▸ **WORK REQUEST**
Look through the material below and copy every line containing the word "picture".

▸ **RECORDS SHOWN**
########

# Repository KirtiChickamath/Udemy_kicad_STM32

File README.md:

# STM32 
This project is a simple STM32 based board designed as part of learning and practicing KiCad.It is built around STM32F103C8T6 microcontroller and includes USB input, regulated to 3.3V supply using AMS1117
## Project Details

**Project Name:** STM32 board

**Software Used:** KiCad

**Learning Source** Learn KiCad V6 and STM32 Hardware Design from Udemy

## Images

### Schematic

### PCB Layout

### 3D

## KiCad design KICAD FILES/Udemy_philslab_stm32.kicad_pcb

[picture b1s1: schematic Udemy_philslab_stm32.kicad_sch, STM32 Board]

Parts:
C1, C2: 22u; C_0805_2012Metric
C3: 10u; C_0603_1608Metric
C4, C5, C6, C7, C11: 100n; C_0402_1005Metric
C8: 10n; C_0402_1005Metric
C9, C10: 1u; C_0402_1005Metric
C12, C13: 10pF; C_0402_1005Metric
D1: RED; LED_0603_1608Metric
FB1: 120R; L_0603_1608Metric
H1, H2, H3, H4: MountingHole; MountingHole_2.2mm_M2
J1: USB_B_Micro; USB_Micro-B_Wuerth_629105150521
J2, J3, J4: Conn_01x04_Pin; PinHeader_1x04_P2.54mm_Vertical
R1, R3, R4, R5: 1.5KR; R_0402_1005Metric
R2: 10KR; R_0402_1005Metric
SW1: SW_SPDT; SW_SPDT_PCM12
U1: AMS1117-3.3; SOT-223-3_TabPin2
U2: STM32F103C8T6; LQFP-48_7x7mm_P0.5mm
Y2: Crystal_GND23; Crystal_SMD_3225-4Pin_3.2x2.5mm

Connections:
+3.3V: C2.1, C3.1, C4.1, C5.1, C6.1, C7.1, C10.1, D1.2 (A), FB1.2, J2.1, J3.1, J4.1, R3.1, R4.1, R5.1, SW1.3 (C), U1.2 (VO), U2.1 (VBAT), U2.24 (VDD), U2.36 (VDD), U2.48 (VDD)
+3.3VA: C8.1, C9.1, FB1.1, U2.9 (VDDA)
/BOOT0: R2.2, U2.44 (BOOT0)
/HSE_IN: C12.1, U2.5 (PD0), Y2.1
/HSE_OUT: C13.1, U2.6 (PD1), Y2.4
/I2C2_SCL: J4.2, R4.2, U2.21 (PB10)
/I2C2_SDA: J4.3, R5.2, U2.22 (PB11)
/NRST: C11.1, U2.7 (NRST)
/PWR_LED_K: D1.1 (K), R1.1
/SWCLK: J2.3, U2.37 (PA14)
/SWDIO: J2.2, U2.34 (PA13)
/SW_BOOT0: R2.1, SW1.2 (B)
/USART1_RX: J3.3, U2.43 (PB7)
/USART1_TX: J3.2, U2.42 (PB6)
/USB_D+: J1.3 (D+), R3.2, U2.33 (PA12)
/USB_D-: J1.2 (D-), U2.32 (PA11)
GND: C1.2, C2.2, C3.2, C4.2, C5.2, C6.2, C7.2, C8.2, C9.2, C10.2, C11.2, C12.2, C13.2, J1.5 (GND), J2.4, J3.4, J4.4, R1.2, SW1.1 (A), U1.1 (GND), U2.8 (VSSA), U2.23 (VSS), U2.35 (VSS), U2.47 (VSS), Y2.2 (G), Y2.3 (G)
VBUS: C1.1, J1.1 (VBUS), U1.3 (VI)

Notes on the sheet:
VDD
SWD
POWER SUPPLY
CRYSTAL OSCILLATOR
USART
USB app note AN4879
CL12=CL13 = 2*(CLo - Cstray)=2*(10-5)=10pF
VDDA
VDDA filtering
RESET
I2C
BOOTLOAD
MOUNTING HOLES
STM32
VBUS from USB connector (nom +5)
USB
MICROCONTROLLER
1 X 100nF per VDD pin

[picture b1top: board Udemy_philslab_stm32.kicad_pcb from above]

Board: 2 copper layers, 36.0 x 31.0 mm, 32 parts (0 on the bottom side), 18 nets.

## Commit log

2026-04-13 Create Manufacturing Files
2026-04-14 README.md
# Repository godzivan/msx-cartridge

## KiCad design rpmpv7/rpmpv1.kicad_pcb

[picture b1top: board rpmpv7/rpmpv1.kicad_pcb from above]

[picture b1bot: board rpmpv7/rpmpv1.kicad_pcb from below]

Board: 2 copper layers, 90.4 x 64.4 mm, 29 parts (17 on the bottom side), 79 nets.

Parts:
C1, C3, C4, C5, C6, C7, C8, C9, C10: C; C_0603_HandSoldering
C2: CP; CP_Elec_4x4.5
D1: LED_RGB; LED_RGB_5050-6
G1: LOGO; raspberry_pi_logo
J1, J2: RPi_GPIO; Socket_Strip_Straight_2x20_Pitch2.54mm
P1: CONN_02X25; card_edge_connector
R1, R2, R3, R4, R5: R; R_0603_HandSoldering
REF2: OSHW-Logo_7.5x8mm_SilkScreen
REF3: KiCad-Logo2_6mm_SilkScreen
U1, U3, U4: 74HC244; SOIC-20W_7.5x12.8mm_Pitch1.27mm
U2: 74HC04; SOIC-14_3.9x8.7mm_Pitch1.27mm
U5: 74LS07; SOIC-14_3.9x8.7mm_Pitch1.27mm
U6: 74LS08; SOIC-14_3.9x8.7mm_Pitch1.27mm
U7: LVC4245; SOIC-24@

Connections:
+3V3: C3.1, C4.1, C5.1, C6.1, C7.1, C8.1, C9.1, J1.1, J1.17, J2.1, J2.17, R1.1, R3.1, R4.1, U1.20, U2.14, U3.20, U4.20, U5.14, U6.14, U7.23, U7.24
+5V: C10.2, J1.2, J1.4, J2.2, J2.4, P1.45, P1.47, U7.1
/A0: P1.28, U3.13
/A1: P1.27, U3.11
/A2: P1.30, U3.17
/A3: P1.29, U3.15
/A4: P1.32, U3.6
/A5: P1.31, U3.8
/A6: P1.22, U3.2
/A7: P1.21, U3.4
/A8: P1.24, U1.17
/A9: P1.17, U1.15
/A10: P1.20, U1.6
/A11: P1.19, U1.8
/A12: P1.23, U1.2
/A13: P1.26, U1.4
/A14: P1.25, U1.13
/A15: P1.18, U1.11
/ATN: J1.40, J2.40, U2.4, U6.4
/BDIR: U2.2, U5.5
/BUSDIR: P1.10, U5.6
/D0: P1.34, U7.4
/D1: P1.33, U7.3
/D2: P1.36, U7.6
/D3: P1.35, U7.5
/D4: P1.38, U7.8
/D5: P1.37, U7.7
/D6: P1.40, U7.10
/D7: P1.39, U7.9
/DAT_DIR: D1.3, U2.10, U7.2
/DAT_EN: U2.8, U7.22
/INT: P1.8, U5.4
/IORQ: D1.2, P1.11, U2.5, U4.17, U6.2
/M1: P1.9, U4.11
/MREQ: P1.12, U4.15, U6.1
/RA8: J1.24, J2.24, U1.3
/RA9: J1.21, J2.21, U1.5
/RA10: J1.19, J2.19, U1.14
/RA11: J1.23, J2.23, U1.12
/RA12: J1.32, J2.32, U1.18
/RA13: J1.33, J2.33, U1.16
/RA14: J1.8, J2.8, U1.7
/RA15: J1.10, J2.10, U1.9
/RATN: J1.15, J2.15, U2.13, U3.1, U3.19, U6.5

########

▸ **RESPONSE AREA**
[picture b1s1: schematic Udemy_philslab_stm32.kicad_sch, STM32 Board]
[picture b1top: board Udemy_philslab_stm32.kicad_pcb from above]
[picture b1top: board rpmpv7/rpmpv1.kicad_pcb from above]
[picture b1bot: board rpmpv7/rpmpv1.kicad_pcb from below]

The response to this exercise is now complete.